Art de Lhomé

  • Le canapé

    Le silence est entré, il s’est assis dans le salon
    Il ne parle pas, mais il me regarde fixement
    Et quand il fait ça, il appuie là ou ça fait mal,
    Faudrait que je me batte, mais moi j’ai plus l’moral
    Depuis une semaine mes jours ne se lèvent plus
    Ils restent allongés à pleurer dans les bras de la nuit
    Et la pluie sur ton corps sans vie….
    Je revois la scène qui a changé ma vie
    Plus rien n’a de sens, ni les objets, ni les espaces
    Quand il ne reste plus, ceux qu’on aime au centre
    Plus rien n’a de sens depuis mardi dernier
    Une vie s’est éteinte, mais L’amour lui continue
    Assis dans le désert de mon canapé
    J’avais tellement mal que je me suis assoupi
    Et j’ai rêvé que ton ombre sur le mur
    Se lève, sereine et vienne m’embrasser x 2
    Le silence est reparti me laissant seul dans l’appartement
    Et les murs se referment sur une part de nous
    Plus j’avance et plus j’ai l’impression que mes pas s’enfoncent
    Dans la neige épaisse de longues nuits blanches
    J’arrive plus à vivre sans toi, j’entasse dans ma poche
    Les regrets, les reproches et la culpabilité
    De n’avoir pas su profiter de chaque instant laissé à nos vies enlacées
    Et je caresse du doigt cette photo de toi
    Je te revois sourire mais je n’entends plus ta voix
    Et je me couche comme un animal blessé
    A chaque fois que je respire, j’écarte la plaie,
    Alors je saigne des soupirs,
    mes soupirs s’transforment en cris
    Mes cris appellent mes pleurs
    mais mes pleurs retiennent leurs larmes
    Car ce qui coule le long de mes jours
    Sont mes doutes et mes peines
    Car ce qui coule le long de mes joues
    ce sont des gouttes de je t’aime, «je t’aime pour toujours»

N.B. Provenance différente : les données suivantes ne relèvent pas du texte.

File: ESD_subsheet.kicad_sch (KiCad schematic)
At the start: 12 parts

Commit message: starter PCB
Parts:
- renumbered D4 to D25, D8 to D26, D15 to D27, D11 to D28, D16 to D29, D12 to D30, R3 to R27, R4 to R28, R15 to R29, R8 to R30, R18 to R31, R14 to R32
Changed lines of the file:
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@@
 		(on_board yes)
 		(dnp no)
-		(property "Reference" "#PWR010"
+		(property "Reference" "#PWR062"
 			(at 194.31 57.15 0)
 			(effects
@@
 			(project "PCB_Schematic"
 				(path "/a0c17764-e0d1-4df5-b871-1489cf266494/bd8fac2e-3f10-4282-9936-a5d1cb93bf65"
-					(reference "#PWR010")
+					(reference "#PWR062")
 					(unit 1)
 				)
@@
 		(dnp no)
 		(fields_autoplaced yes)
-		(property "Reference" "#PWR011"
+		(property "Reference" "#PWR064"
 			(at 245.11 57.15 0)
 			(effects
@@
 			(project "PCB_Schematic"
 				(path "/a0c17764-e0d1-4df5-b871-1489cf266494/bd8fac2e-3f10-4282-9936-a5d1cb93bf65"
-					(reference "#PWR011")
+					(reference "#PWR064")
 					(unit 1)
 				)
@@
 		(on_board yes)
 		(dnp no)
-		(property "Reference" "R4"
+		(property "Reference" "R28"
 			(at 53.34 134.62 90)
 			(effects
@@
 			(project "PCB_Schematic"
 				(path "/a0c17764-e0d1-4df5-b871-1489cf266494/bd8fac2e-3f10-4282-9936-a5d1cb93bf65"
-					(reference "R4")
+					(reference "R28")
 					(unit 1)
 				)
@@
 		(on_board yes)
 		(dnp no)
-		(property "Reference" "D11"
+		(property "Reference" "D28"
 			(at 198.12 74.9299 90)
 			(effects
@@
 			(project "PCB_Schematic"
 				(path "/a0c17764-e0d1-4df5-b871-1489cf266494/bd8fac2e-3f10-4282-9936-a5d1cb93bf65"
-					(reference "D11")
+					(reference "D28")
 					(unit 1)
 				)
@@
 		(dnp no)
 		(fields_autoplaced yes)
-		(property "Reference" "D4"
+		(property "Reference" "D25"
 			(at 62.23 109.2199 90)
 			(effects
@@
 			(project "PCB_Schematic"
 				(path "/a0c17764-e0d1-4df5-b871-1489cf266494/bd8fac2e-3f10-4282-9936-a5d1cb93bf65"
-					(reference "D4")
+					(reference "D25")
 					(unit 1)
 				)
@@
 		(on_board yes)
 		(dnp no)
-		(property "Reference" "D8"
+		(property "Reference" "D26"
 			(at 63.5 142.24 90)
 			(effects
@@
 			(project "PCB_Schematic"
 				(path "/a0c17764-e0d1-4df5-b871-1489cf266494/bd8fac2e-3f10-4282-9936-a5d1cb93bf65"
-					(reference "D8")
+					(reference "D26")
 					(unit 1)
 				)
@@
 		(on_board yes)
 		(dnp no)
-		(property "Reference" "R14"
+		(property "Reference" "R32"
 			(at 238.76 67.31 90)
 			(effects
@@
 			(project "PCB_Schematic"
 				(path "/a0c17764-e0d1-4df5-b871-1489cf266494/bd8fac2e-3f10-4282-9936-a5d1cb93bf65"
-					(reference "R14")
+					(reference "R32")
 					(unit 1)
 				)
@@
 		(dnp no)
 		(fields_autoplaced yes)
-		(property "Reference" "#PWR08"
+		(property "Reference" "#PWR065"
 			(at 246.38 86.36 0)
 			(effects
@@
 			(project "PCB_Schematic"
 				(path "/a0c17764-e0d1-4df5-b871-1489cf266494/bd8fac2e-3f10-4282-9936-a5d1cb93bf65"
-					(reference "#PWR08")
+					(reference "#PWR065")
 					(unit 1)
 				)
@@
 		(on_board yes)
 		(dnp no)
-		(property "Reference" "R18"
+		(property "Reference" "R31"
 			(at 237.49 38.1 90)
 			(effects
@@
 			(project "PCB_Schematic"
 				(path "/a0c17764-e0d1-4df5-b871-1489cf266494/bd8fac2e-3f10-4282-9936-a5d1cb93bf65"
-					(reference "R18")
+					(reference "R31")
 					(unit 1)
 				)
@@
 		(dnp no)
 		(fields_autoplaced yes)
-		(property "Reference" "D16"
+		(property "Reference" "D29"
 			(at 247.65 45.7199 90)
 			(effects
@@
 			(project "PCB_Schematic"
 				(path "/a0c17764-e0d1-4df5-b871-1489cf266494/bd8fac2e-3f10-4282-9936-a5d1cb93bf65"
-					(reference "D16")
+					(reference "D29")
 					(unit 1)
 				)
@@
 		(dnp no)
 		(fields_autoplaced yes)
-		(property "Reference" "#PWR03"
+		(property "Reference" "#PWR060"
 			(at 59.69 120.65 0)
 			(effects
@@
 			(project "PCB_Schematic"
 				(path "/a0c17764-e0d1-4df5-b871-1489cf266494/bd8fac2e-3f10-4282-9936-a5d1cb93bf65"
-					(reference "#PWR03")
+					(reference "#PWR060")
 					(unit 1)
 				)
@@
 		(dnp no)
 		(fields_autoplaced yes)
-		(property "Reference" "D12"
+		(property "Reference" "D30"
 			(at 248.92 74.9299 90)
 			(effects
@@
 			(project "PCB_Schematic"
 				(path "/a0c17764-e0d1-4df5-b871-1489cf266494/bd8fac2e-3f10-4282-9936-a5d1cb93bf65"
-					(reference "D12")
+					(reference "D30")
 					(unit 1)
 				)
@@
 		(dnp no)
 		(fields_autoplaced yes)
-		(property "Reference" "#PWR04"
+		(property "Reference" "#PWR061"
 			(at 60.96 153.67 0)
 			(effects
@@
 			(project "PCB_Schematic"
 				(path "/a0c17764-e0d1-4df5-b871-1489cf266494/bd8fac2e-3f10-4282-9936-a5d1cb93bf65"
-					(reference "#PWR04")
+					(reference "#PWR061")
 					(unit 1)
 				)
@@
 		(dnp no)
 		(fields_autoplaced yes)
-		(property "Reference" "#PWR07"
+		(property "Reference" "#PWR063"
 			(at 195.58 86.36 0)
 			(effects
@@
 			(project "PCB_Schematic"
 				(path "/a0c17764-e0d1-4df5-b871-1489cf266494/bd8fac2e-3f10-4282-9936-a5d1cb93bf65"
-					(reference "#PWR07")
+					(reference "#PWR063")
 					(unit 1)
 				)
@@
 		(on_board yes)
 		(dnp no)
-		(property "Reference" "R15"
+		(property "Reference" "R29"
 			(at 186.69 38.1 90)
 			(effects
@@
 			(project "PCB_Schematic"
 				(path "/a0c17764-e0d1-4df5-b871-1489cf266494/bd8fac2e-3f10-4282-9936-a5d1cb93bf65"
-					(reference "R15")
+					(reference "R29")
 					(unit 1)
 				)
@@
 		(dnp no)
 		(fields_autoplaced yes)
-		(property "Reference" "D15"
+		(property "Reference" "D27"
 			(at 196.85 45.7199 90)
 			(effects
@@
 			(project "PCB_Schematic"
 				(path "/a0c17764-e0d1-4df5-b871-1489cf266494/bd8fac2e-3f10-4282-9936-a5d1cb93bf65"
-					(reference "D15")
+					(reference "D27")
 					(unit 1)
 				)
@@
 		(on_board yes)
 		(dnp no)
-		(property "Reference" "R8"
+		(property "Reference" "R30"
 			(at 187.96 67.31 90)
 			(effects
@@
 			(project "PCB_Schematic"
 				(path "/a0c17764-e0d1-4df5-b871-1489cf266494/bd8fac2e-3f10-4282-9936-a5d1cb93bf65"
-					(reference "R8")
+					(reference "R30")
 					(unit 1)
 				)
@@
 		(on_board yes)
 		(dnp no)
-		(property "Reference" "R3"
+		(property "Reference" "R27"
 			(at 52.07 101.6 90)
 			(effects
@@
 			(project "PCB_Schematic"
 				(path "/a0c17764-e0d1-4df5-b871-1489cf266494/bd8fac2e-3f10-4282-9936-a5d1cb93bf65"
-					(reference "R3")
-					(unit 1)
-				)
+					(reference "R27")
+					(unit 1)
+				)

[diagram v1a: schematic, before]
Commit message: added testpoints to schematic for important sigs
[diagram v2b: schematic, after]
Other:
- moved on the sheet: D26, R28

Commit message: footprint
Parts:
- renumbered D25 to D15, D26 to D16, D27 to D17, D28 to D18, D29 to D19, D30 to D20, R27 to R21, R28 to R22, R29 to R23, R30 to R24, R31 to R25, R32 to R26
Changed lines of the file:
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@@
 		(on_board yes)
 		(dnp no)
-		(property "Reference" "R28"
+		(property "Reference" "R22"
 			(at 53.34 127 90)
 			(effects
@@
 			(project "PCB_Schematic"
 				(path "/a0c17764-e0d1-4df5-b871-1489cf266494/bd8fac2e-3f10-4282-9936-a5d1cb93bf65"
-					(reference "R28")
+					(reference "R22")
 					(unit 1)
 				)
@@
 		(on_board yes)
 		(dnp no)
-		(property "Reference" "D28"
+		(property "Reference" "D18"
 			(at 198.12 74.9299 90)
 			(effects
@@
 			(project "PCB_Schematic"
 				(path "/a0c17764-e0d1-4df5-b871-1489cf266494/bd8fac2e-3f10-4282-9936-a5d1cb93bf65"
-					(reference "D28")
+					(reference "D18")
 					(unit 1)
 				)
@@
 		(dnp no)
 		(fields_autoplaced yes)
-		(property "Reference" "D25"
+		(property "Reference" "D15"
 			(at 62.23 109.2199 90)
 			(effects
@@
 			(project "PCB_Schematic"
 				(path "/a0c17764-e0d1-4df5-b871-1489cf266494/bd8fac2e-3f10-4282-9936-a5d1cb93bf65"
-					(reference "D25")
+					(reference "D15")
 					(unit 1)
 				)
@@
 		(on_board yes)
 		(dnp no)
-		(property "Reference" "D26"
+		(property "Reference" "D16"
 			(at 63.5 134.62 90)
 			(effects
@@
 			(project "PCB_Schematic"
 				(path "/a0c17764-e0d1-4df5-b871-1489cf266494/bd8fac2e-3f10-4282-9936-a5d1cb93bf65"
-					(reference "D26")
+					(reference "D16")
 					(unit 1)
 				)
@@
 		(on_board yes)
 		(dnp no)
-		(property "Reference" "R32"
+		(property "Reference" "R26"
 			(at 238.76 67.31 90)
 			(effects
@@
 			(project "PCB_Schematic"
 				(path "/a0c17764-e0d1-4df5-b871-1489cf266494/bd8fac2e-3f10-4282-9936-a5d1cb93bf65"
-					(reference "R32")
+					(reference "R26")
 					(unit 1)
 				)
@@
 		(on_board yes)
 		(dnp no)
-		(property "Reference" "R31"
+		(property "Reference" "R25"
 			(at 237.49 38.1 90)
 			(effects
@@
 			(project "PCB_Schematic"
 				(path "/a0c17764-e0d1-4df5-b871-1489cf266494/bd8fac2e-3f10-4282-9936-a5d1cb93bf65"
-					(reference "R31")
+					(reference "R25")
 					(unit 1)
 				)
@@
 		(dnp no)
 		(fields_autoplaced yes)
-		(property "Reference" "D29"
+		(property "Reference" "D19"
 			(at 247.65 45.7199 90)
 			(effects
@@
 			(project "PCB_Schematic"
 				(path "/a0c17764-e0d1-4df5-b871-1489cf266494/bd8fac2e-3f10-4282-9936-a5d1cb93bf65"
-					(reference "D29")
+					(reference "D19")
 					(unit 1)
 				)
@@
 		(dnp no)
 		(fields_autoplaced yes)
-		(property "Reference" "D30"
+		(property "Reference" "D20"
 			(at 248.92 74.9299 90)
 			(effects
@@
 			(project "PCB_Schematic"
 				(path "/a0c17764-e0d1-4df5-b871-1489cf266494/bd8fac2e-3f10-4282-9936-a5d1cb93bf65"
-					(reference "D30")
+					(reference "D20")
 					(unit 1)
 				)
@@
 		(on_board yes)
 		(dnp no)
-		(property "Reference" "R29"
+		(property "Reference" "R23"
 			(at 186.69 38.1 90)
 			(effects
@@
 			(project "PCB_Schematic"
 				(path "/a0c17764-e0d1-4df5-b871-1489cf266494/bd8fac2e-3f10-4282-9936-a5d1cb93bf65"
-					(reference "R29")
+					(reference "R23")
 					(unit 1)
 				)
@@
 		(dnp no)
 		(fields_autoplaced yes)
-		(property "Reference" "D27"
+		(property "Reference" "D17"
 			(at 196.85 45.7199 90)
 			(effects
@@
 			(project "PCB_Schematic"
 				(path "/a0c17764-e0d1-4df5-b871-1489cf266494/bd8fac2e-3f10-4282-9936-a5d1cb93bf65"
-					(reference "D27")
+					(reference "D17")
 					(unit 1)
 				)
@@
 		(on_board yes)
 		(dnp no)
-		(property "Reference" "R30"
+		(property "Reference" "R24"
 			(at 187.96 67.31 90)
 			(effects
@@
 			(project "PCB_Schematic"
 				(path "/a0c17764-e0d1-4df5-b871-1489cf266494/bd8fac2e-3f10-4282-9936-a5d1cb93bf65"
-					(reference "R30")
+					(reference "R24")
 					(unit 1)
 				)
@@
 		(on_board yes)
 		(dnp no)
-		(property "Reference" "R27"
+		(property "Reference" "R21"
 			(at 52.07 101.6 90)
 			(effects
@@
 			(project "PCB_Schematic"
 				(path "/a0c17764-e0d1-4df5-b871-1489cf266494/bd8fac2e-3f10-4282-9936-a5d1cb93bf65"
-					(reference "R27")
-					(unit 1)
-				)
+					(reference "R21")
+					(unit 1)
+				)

    Assis dans le désert de mon canapé
    J’avais tellement mal que je me suis assoupi
    Et j’ai rêvé que ton ombre sur le mur
    Se lève, sereine et vienne m’embrasser x2
    Le deuil est une corde où l’on se pend à rebours
    Le coeur un sablier qui ne tient plus debout
    Est-ce qu’on retrouve un jour ceux qu’on a aimé ?
    Est ce qu’on les retrouve de l’autre côté ?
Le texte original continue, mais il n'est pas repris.